• _Exercise prompt_
Of the lines below, write out exactly those from the line with "#421=VERTEX_POINT('',#420);" through the line with "#428=CIRCLE('',#427,1.);", both included, and skip the rest.

• _Collection entries_
..........
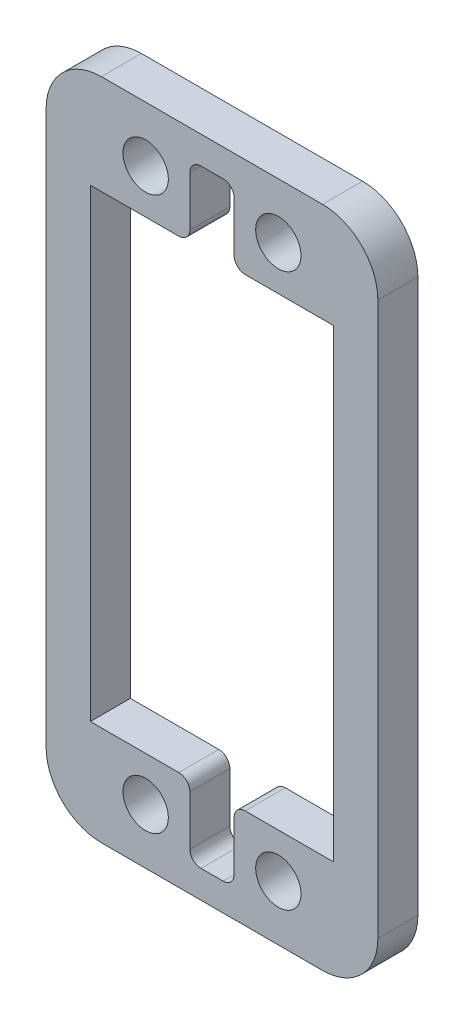
ISO-10303-21;
HEADER;
FILE_DESCRIPTION(('STEP AP214'),'2;1');
FILE_NAME('part.step','',(''),(''),'','','');
FILE_SCHEMA(('AUTOMOTIVE_DESIGN { 1 0 10303 214 1 1 1 1 }'));
ENDSEC;
DATA;
#1=APPLICATION_CONTEXT('core data for automotive mechanical design processes');
#2=APPLICATION_PROTOCOL_DEFINITION('international standard','automotive_design',2000,#1);
#3=PRODUCT_CONTEXT('',#1,'mechanical');
#4=PRODUCT('Part','Part','',(#3));
#5=PRODUCT_RELATED_PRODUCT_CATEGORY('part','',(#4));
#6=PRODUCT_DEFINITION_FORMATION('','',#4);
#7=PRODUCT_DEFINITION_CONTEXT('part definition',#1,'design');
#8=PRODUCT_DEFINITION('design','',#6,#7);
#9=PRODUCT_DEFINITION_SHAPE('','',#8);
#10=(LENGTH_UNIT() NAMED_UNIT(*) SI_UNIT(.MILLI.,.METRE.));
#11=(NAMED_UNIT(*) PLANE_ANGLE_UNIT() SI_UNIT($,.RADIAN.));
#12=(NAMED_UNIT(*) SI_UNIT($,.STERADIAN.) SOLID_ANGLE_UNIT());
#13=UNCERTAINTY_MEASURE_WITH_UNIT(LENGTH_MEASURE(1.E-05),#10,'distance_accuracy_value','');
#14=(GEOMETRIC_REPRESENTATION_CONTEXT(3) GLOBAL_UNCERTAINTY_ASSIGNED_CONTEXT((#13)) GLOBAL_UNIT_ASSIGNED_CONTEXT((#10,
#11,#12)) REPRESENTATION_CONTEXT('',''));
#15=CARTESIAN_POINT('',(0.,0.,0.));
#16=DIRECTION('',(0.,0.,1.));
#17=DIRECTION('',(1.,0.,0.));
#18=AXIS2_PLACEMENT_3D('',#15,#16,#17);
#19=CARTESIAN_POINT('',(11.,21.,3.62));
#20=DIRECTION('',(0.,1.,0.));
#21=DIRECTION('',(0.,0.,1.));
#22=AXIS2_PLACEMENT_3D('',#19,#20,#21);
#23=PLANE('',#22);
#24=DIRECTION('',(1.,0.,0.));
#25=VECTOR('',#24,1.);
#26=CARTESIAN_POINT('',(11.,21.,0.));
#27=LINE('',#26,#25);
#28=CARTESIAN_POINT('',(-11.,21.,0.));
#29=VERTEX_POINT('',#28);
#30=CARTESIAN_POINT('',(-3.,21.,0.));
#31=VERTEX_POINT('',#30);
#32=EDGE_CURVE('E252',#29,#31,#27,.T.);
#33=ORIENTED_EDGE('',*,*,#32,.T.);
#34=DIRECTION('',(0.,0.,1.));
#35=VECTOR('',#34,1.);
#36=CARTESIAN_POINT('',(-3.,21.,3.62));
#37=LINE('',#36,#35);
#38=CARTESIAN_POINT('',(-3.,21.,3.62));
#39=VERTEX_POINT('',#38);
#40=EDGE_CURVE('E388',#31,#39,#37,.T.);
#41=ORIENTED_EDGE('',*,*,#40,.T.);
#42=DIRECTION('',(1.,0.,0.));
#43=VECTOR('',#42,1.);
#44=CARTESIAN_POINT('',(11.,21.,3.62));
#45=LINE('',#44,#43);
#46=CARTESIAN_POINT('',(-11.,21.,3.62));
#47=VERTEX_POINT('',#46);
#48=EDGE_CURVE('E236',#47,#39,#45,.T.);
#49=ORIENTED_EDGE('',*,*,#48,.F.);
#50=DIRECTION('',(0.,0.,-1.));
#51=VECTOR('',#50,1.);
#52=CARTESIAN_POINT('',(-11.,21.,3.62));
#53=LINE('',#52,#51);
#54=EDGE_CURVE('E276',#47,#29,#53,.T.);
#55=ORIENTED_EDGE('',*,*,#54,.T.);
#56=EDGE_LOOP('',(#33,#41,#49,#55));
#57=FACE_BOUND('',#56,.T.);
#58=ADVANCED_FACE('F39',(#57),#23,.F.);
#59=CARTESIAN_POINT('',(-11.,-21.,3.62));
#60=DIRECTION('',(0.,-1.,0.));
#61=DIRECTION('',(0.,0.,-1.));
#62=AXIS2_PLACEMENT_3D('',#59,#60,#61);
#63=PLANE('',#62);
#64=DIRECTION('',(-1.,0.,0.));
#65=VECTOR('',#64,1.);
#66=CARTESIAN_POINT('',(-11.,-21.,3.62));
#67=LINE('',#66,#65);
#68=CARTESIAN_POINT('',(-3.00000000000001,-21.,3.62));
#69=VERTEX_POINT('',#68);
#70=CARTESIAN_POINT('',(-11.,-21.,3.62));
#71=VERTEX_POINT('',#70);
#72=EDGE_CURVE('E244',#69,#71,#67,.T.);
#73=ORIENTED_EDGE('',*,*,#72,.F.);
#74=DIRECTION('',(0.,0.,-1.));
#75=VECTOR('',#74,1.);
#76=CARTESIAN_POINT('',(-3.00000000000001,-21.,3.62));
#77=LINE('',#76,#75);
#78=CARTESIAN_POINT('',(-3.00000000000001,-21.,0.));
#79=VERTEX_POINT('',#78);
#80=EDGE_CURVE('E349',#69,#79,#77,.T.);
#81=ORIENTED_EDGE('',*,*,#80,.T.);
#82=DIRECTION('',(-1.,0.,0.));
#83=VECTOR('',#82,1.);
#84=CARTESIAN_POINT('',(-11.,-21.,0.));
#85=LINE('',#84,#83);
#86=CARTESIAN_POINT('',(-11.,-21.,0.));
#87=VERTEX_POINT('',#86);
#88=EDGE_CURVE('E266',#79,#87,#85,.T.);
#89=ORIENTED_EDGE('',*,*,#88,.T.);
#90=DIRECTION('',(0.,0.,-1.));
#91=VECTOR('',#90,1.);
#92=CARTESIAN_POINT('',(-11.,-21.,3.62));
#93=LINE('',#92,#91);
#94=EDGE_CURVE('E235',#71,#87,#93,.T.);
#95=ORIENTED_EDGE('',*,*,#94,.F.);
#96=EDGE_LOOP('',(#73,#81,#89,#95));
#97=FACE_BOUND('',#96,.T.);
#98=ADVANCED_FACE('F515',(#97),#63,.F.);
#99=CARTESIAN_POINT('',(-15.,-30.,3.62));
#100=DIRECTION('',(1.,0.,0.));
#101=DIRECTION('',(0.,0.,-1.));
#102=AXIS2_PLACEMENT_3D('',#99,#100,#101);
#103=PLANE('',#102);
#104=DIRECTION('',(0.,-1.,0.));
#105=VECTOR('',#104,1.);
#106=CARTESIAN_POINT('',(-15.,-30.,0.));
#107=LINE('',#106,#105);
#108=CARTESIAN_POINT('',(-15.,25.,0.));
#109=VERTEX_POINT('',#108);
#110=CARTESIAN_POINT('',(-15.,-25.,0.));
#111=VERTEX_POINT('',#110);
#112=EDGE_CURVE('E275',#109,#111,#107,.T.);
#113=ORIENTED_EDGE('',*,*,#112,.T.);
#114=DIRECTION('',(0.,0.,-1.));
#115=VECTOR('',#114,1.);
#116=CARTESIAN_POINT('',(-15.,-25.,3.62));
#117=LINE('',#116,#115);
#118=CARTESIAN_POINT('',(-15.,-25.,3.62));
#119=VERTEX_POINT('',#118);
#120=EDGE_CURVE('E319',#111,#119,#117,.F.);
#121=ORIENTED_EDGE('',*,*,#120,.T.);
#122=DIRECTION('',(0.,-1.,0.));
#123=VECTOR('',#122,1.);
#124=CARTESIAN_POINT('',(-15.,-30.,3.62));
#125=LINE('',#124,#123);
#126=CARTESIAN_POINT('',(-15.,25.,3.62));
#127=VERTEX_POINT('',#126);
#128=EDGE_CURVE('E280',#127,#119,#125,.T.);
#129=ORIENTED_EDGE('',*,*,#128,.F.);
#130=DIRECTION('',(0.,0.,-1.));
#131=VECTOR('',#130,1.);
#132=CARTESIAN_POINT('',(-15.,25.,3.62));
#133=LINE('',#132,#131);
#134=EDGE_CURVE('E316',#127,#109,#133,.T.);
#135=ORIENTED_EDGE('',*,*,#134,.T.);
#136=EDGE_LOOP('',(#113,#121,#129,#135));
#137=FACE_BOUND('',#136,.T.);
#138=ADVANCED_FACE('F497',(#137),#103,.F.);
#139=CARTESIAN_POINT('',(15.,-30.,3.62));
#140=DIRECTION('',(0.,1.,0.));
#141=DIRECTION('',(0.,0.,1.));
#142=AXIS2_PLACEMENT_3D('',#139,#140,#141);
#143=PLANE('',#142);
#144=DIRECTION('',(1.,0.,0.));
#145=VECTOR('',#144,1.);
#146=CARTESIAN_POINT('',(15.,-30.,3.62));
#147=LINE('',#146,#145);
#148=CARTESIAN_POINT('',(-10.,-30.,3.62));
#149=VERTEX_POINT('',#148);
#150=CARTESIAN_POINT('',(10.,-30.,3.62));
#151=VERTEX_POINT('',#150);
#152=EDGE_CURVE('E283',#149,#151,#147,.T.);
#153=ORIENTED_EDGE('',*,*,#152,.F.);
#154=DIRECTION('',(0.,0.,-1.));
#155=VECTOR('',#154,1.);
#156=CARTESIAN_POINT('',(-10.,-30.,3.62));
#157=LINE('',#156,#155);
#158=CARTESIAN_POINT('',(-10.,-30.,0.));
#159=VERTEX_POINT('',#158);
#160=EDGE_CURVE('E305',#149,#159,#157,.T.);
#161=ORIENTED_EDGE('',*,*,#160,.T.);
#162=DIRECTION('',(1.,0.,0.));
#163=VECTOR('',#162,1.);
#164=CARTESIAN_POINT('',(15.,-30.,0.));
#165=LINE('',#164,#163);
#166=CARTESIAN_POINT('',(10.,-30.,0.));
#167=VERTEX_POINT('',#166);
#168=EDGE_CURVE('E296',#159,#167,#165,.T.);
#169=ORIENTED_EDGE('',*,*,#168,.T.);
#170=DIRECTION('',(0.,0.,-1.));
#171=VECTOR('',#170,1.);
#172=CARTESIAN_POINT('',(10.,-30.,3.62));
#173=LINE('',#172,#171);
#174=EDGE_CURVE('E293',#167,#151,#173,.F.);
#175=ORIENTED_EDGE('',*,*,#174,.T.);
#176=EDGE_LOOP('',(#153,#161,#169,#175));
#177=FACE_BOUND('',#176,.T.);
#178=ADVANCED_FACE('F470',(#177),#143,.F.);
#179=CARTESIAN_POINT('',(15.,30.,3.62));
#180=DIRECTION('',(-1.,0.,0.));
#181=DIRECTION('',(0.,-1.,0.));
#182=AXIS2_PLACEMENT_3D('',#179,#180,#181);
#183=PLANE('',#182);
#184=DIRECTION('',(0.,1.,0.));
#185=VECTOR('',#184,1.);
#186=CARTESIAN_POINT('',(15.,30.,3.62));
#187=LINE('',#186,#185);
#188=CARTESIAN_POINT('',(15.,-25.,3.62));
#189=VERTEX_POINT('',#188);
#190=CARTESIAN_POINT('',(15.,25.,3.62));
#191=VERTEX_POINT('',#190);
#192=EDGE_CURVE('E287',#189,#191,#187,.T.);
#193=ORIENTED_EDGE('',*,*,#192,.F.);
#194=DIRECTION('',(0.,0.,-1.));
#195=VECTOR('',#194,1.);
#196=CARTESIAN_POINT('',(15.,-25.,3.62));
#197=LINE('',#196,#195);
#198=CARTESIAN_POINT('',(15.,-25.,0.));
#199=VERTEX_POINT('',#198);
#200=EDGE_CURVE('E331',#189,#199,#197,.T.);
#201=ORIENTED_EDGE('',*,*,#200,.T.);
#202=DIRECTION('',(0.,1.,0.));
#203=VECTOR('',#202,1.);
#204=CARTESIAN_POINT('',(15.,30.,0.));
#205=LINE('',#204,#203);
#206=CARTESIAN_POINT('',(15.,25.,0.));
#207=VERTEX_POINT('',#206);
#208=EDGE_CURVE('E299',#199,#207,#205,.T.);
#209=ORIENTED_EDGE('',*,*,#208,.T.);
#210=DIRECTION('',(0.,0.,-1.));
#211=VECTOR('',#210,1.);
#212=CARTESIAN_POINT('',(15.,25.,3.62));
#213=LINE('',#212,#211);
#214=EDGE_CURVE('E329',#207,#191,#213,.F.);
#215=ORIENTED_EDGE('',*,*,#214,.T.);
#216=EDGE_LOOP('',(#193,#201,#209,#215));
#217=FACE_BOUND('',#216,.T.);
#218=ADVANCED_FACE('F480',(#217),#183,.F.);
#219=CARTESIAN_POINT('',(-15.,30.,3.62));
#220=DIRECTION('',(0.,-1.,0.));
#221=DIRECTION('',(0.,0.,-1.));
#222=AXIS2_PLACEMENT_3D('',#219,#220,#221);
#223=PLANE('',#222);
#224=DIRECTION('',(-1.,0.,0.));
#225=VECTOR('',#224,1.);
#226=CARTESIAN_POINT('',(-15.,30.,3.62));
#227=LINE('',#226,#225);
#228=CARTESIAN_POINT('',(9.99999999999999,30.,3.62));
#229=VERTEX_POINT('',#228);
#230=CARTESIAN_POINT('',(-10.,30.,3.62));
#231=VERTEX_POINT('',#230);
#232=EDGE_CURVE('E290',#229,#231,#227,.T.);
#233=ORIENTED_EDGE('',*,*,#232,.F.);
#234=DIRECTION('',(0.,0.,-1.));
#235=VECTOR('',#234,1.);
#236=CARTESIAN_POINT('',(10.,30.,3.62));
#237=LINE('',#236,#235);
#238=CARTESIAN_POINT('',(9.99999999999999,30.,0.));
#239=VERTEX_POINT('',#238);
#240=EDGE_CURVE('E336',#229,#239,#237,.T.);
#241=ORIENTED_EDGE('',*,*,#240,.T.);
#242=DIRECTION('',(-1.,0.,0.));
#243=VECTOR('',#242,1.);
#244=CARTESIAN_POINT('',(-15.,30.,0.));
#245=LINE('',#244,#243);
#246=CARTESIAN_POINT('',(-10.,30.,0.));
#247=VERTEX_POINT('',#246);
#248=EDGE_CURVE('E284',#239,#247,#245,.T.);
#249=ORIENTED_EDGE('',*,*,#248,.T.);
#250=DIRECTION('',(0.,0.,-1.));
#251=VECTOR('',#250,1.);
#252=CARTESIAN_POINT('',(-10.,30.,3.62));
#253=LINE('',#252,#251);
#254=EDGE_CURVE('E334',#247,#231,#253,.F.);
#255=ORIENTED_EDGE('',*,*,#254,.T.);
#256=EDGE_LOOP('',(#233,#241,#249,#255));
#257=FACE_BOUND('',#256,.T.);
#258=ADVANCED_FACE('F488',(#257),#223,.F.);
#259=CARTESIAN_POINT('',(0.,0.,3.62));
#260=DIRECTION('',(0.,0.,-1.));
#261=DIRECTION('',(-1.,0.,0.));
#262=AXIS2_PLACEMENT_3D('',#259,#260,#261);
#263=PLANE('',#262);
#264=CARTESIAN_POINT('',(-6.,25.,3.62));
#265=DIRECTION('',(0.,0.,-1.));
#266=DIRECTION('',(-1.,0.,0.));
#267=AXIS2_PLACEMENT_3D('',#264,#265,#266);
#268=CIRCLE('',#267,2.05);
#269=CARTESIAN_POINT('',(-8.05,25.,3.62));
#270=VERTEX_POINT('',#269);
#271=EDGE_CURVE('E445',#270,#270,#268,.T.);
#272=ORIENTED_EDGE('',*,*,#271,.T.);
#273=EDGE_LOOP('',(#272));
#274=FACE_BOUND('',#273,.T.);
#275=CARTESIAN_POINT('',(6.,-25.,3.62));
#276=DIRECTION('',(0.,0.,-1.));
#277=DIRECTION('',(-1.,0.,0.));
#278=AXIS2_PLACEMENT_3D('',#275,#276,#277);
#279=CIRCLE('',#278,2.05);
#280=CARTESIAN_POINT('',(3.95,-25.,3.62));
#281=VERTEX_POINT('',#280);
#282=EDGE_CURVE('E451',#281,#281,#279,.T.);
#283=ORIENTED_EDGE('',*,*,#282,.T.);
#284=EDGE_LOOP('',(#283));
#285=FACE_BOUND('',#284,.T.);
#286=CARTESIAN_POINT('',(-6.,-25.,3.62));
#287=DIRECTION('',(0.,0.,-1.));
#288=DIRECTION('',(-1.,0.,0.));
#289=AXIS2_PLACEMENT_3D('',#286,#287,#288);
#290=CIRCLE('',#289,2.05);
#291=CARTESIAN_POINT('',(-8.05,-25.,3.62));
#292=VERTEX_POINT('',#291);
#293=EDGE_CURVE('E849',#292,#292,#290,.T.);
#294=ORIENTED_EDGE('',*,*,#293,.T.);
#295=EDGE_LOOP('',(#294));
#296=FACE_BOUND('',#295,.T.);
#297=DIRECTION('',(0.,1.,0.));
#298=VECTOR('',#297,1.);
#299=CARTESIAN_POINT('',(-2.,27.5,3.62));
#300=LINE('',#299,#298);
#301=CARTESIAN_POINT('',(-2.00000000000001,-26.5,3.62));
#302=VERTEX_POINT('',#301);
#303=CARTESIAN_POINT('',(-2.00000000000001,-22.,3.62));
#304=VERTEX_POINT('',#303);
#305=EDGE_CURVE('E435',#302,#304,#300,.T.);
#306=ORIENTED_EDGE('',*,*,#305,.T.);
#307=CARTESIAN_POINT('',(-3.00000000000001,-22.,3.62));
#308=DIRECTION('',(0.,0.,-1.));
#309=DIRECTION('',(-1.,0.,0.));
#310=AXIS2_PLACEMENT_3D('',#307,#308,#309);
#311=CIRCLE('',#310,1.);
#312=EDGE_CURVE('E365',#304,#69,#311,.F.);
#313=ORIENTED_EDGE('',*,*,#312,.T.);
#314=ORIENTED_EDGE('',*,*,#72,.T.);
#315=DIRECTION('',(0.,1.,0.));
#316=VECTOR('',#315,1.);
#317=CARTESIAN_POINT('',(-11.,21.,3.62));
#318=LINE('',#317,#316);
#319=EDGE_CURVE('E243',#71,#47,#318,.T.);
#320=ORIENTED_EDGE('',*,*,#319,.T.);
#321=ORIENTED_EDGE('',*,*,#48,.T.);
#322=CARTESIAN_POINT('',(-3.,22.,3.62));
#323=DIRECTION('',(0.,0.,-1.));
#324=DIRECTION('',(-1.,0.,0.));
#325=AXIS2_PLACEMENT_3D('',#322,#323,#324);
#326=CIRCLE('',#325,1.);
#327=CARTESIAN_POINT('',(-2.,22.,3.62));
#328=VERTEX_POINT('',#327);
#329=EDGE_CURVE('E360',#39,#328,#326,.F.);
#330=ORIENTED_EDGE('',*,*,#329,.T.);
#331=CARTESIAN_POINT('',(-2.,26.5,3.62));
#332=VERTEX_POINT('',#331);
#333=EDGE_CURVE('E429',#328,#332,#300,.T.);
#334=ORIENTED_EDGE('',*,*,#333,.T.);
#335=CARTESIAN_POINT('',(-1.,26.5,3.62));
#336=DIRECTION('',(0.,0.,-1.));
#337=DIRECTION('',(-1.,0.,0.));
#338=AXIS2_PLACEMENT_3D('',#335,#336,#337);
#339=CIRCLE('',#338,1.);
#340=CARTESIAN_POINT('',(-1.,27.5,3.62));
#341=VERTEX_POINT('',#340);
#342=EDGE_CURVE('E11',#332,#341,#339,.T.);
#343=ORIENTED_EDGE('',*,*,#342,.T.);
#344=DIRECTION('',(1.,0.,0.));
#345=VECTOR('',#344,1.);
#346=CARTESIAN_POINT('',(2.,27.5,3.62));
#347=LINE('',#346,#345);
#348=CARTESIAN_POINT('',(1.,27.5,3.62));
#349=VERTEX_POINT('',#348);
#350=EDGE_CURVE('E427',#341,#349,#347,.T.);
#351=ORIENTED_EDGE('',*,*,#350,.T.);
#352=CARTESIAN_POINT('',(1.,26.5,3.62));
#353=DIRECTION('',(0.,0.,-1.));
#354=DIRECTION('',(-1.,0.,0.));
#355=AXIS2_PLACEMENT_3D('',#352,#353,#354);
#356=CIRCLE('',#355,1.);
#357=CARTESIAN_POINT('',(2.,26.5,3.62));
#358=VERTEX_POINT('',#357);
#359=EDGE_CURVE('E401',#349,#358,#356,.T.);
#360=ORIENTED_EDGE('',*,*,#359,.T.);
#361=DIRECTION('',(0.,-1.,0.));
#362=VECTOR('',#361,1.);
#363=CARTESIAN_POINT('',(2.,21.,3.62));
#364=LINE('',#363,#362);
#365=CARTESIAN_POINT('',(2.,22.,3.62));
#366=VERTEX_POINT('',#365);
#367=EDGE_CURVE('E433',#358,#366,#364,.T.);
#368=ORIENTED_EDGE('',*,*,#367,.T.);
#369=CARTESIAN_POINT('',(3.,22.,3.62));
#370=DIRECTION('',(0.,0.,-1.));
#371=DIRECTION('',(-1.,0.,0.));
#372=AXIS2_PLACEMENT_3D('',#369,#370,#371);
#373=CIRCLE('',#372,1.);
#374=CARTESIAN_POINT('',(3.,21.,3.62));
#375=VERTEX_POINT('',#374);
#376=EDGE_CURVE('E362',#366,#375,#373,.F.);
#377=ORIENTED_EDGE('',*,*,#376,.T.);
#378=CARTESIAN_POINT('',(11.,21.,3.62));
#379=VERTEX_POINT('',#378);
#380=EDGE_CURVE('E250',#375,#379,#45,.T.);
#381=ORIENTED_EDGE('',*,*,#380,.T.);
#382=DIRECTION('',(0.,-1.,0.));
#383=VECTOR('',#382,1.);
#384=CARTESIAN_POINT('',(11.,-21.,3.62));
#385=LINE('',#384,#383);
#386=CARTESIAN_POINT('',(11.,-21.,3.62));
#387=VERTEX_POINT('',#386);
#388=EDGE_CURVE('E229',#379,#387,#385,.T.);
#389=ORIENTED_EDGE('',*,*,#388,.T.);
#390=CARTESIAN_POINT('',(2.99999999999999,-21.,3.62));
#391=VERTEX_POINT('',#390);
#392=EDGE_CURVE('E239',#387,#391,#67,.T.);
#393=ORIENTED_EDGE('',*,*,#392,.T.);
#394=CARTESIAN_POINT('',(2.99999999999999,-22.,3.62));
#395=DIRECTION('',(0.,0.,-1.));
#396=DIRECTION('',(-1.,0.,0.));
#397=AXIS2_PLACEMENT_3D('',#394,#395,#396);
#398=CIRCLE('',#397,1.);
#399=CARTESIAN_POINT('',(2.,-22.,3.62));
#400=VERTEX_POINT('',#399);
#401=EDGE_CURVE('E61',#391,#400,#398,.F.);
#402=ORIENTED_EDGE('',*,*,#401,.T.);
#403=CARTESIAN_POINT('',(2.,-26.5,3.62));
#404=VERTEX_POINT('',#403);
#405=EDGE_CURVE('E438',#400,#404,#364,.T.);
#406=ORIENTED_EDGE('',*,*,#405,.T.);
#407=CARTESIAN_POINT('',(0.999999999999993,-26.5,3.62));
#408=DIRECTION('',(0.,0.,-1.));
#409=DIRECTION('',(-1.,0.,0.));
#410=AXIS2_PLACEMENT_3D('',#407,#408,#409);
#411=CIRCLE('',#410,1.);
#412=CARTESIAN_POINT('',(0.999999999999993,-27.5,3.62));
#413=VERTEX_POINT('',#412);
#414=EDGE_CURVE('E397',#404,#413,#411,.T.);
#415=ORIENTED_EDGE('',*,*,#414,.T.);
#416=DIRECTION('',(-1.,0.,0.));
#417=VECTOR('',#416,1.);
#418=CARTESIAN_POINT('',(-2.00000000000001,-27.5,3.62));
#419=LINE('',#418,#417);
#420=CARTESIAN_POINT('',(-1.00000000000001,-27.5,3.62));
#421=VERTEX_POINT('',#420);
#422=EDGE_CURVE('E556',#413,#421,#419,.T.);
#423=ORIENTED_EDGE('',*,*,#422,.T.);
#424=CARTESIAN_POINT('',(-1.00000000000001,-26.5,3.62));
#425=DIRECTION('',(0.,0.,-1.));
#426=DIRECTION('',(-1.,0.,0.));
#427=AXIS2_PLACEMENT_3D('',#424,#425,#426);
#428=CIRCLE('',#427,1.);
#429=EDGE_CURVE('E393',#421,#302,#428,.T.);
#430=ORIENTED_EDGE('',*,*,#429,.T.);
#431=EDGE_LOOP('',(#306,#313,#314,#320,#321,#330,#334,#343,#351,#360,#368,#377,#381,#389,#393,
#402,#406,#415,#423,#430));
#432=FACE_BOUND('',#431,.T.);
#433=CARTESIAN_POINT('',(6.,25.,3.62));
#434=DIRECTION('',(0.,0.,-1.));
#435=DIRECTION('',(-1.,0.,0.));
#436=AXIS2_PLACEMENT_3D('',#433,#434,#435);
#437=CIRCLE('',#436,2.05);
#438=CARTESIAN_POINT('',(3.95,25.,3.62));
..........
• _The completed task_
#421=VERTEX_POINT('',#420);
#422=EDGE_CURVE('E556',#413,#421,#419,.T.);
#423=ORIENTED_EDGE('',*,*,#422,.T.);
#424=CARTESIAN_POINT('',(-1.00000000000001,-26.5,3.62));
#425=DIRECTION('',(0.,0.,-1.));
#426=DIRECTION('',(-1.,0.,0.));
#427=AXIS2_PLACEMENT_3D('',#424,#425,#426);
#428=CIRCLE('',#427,1.);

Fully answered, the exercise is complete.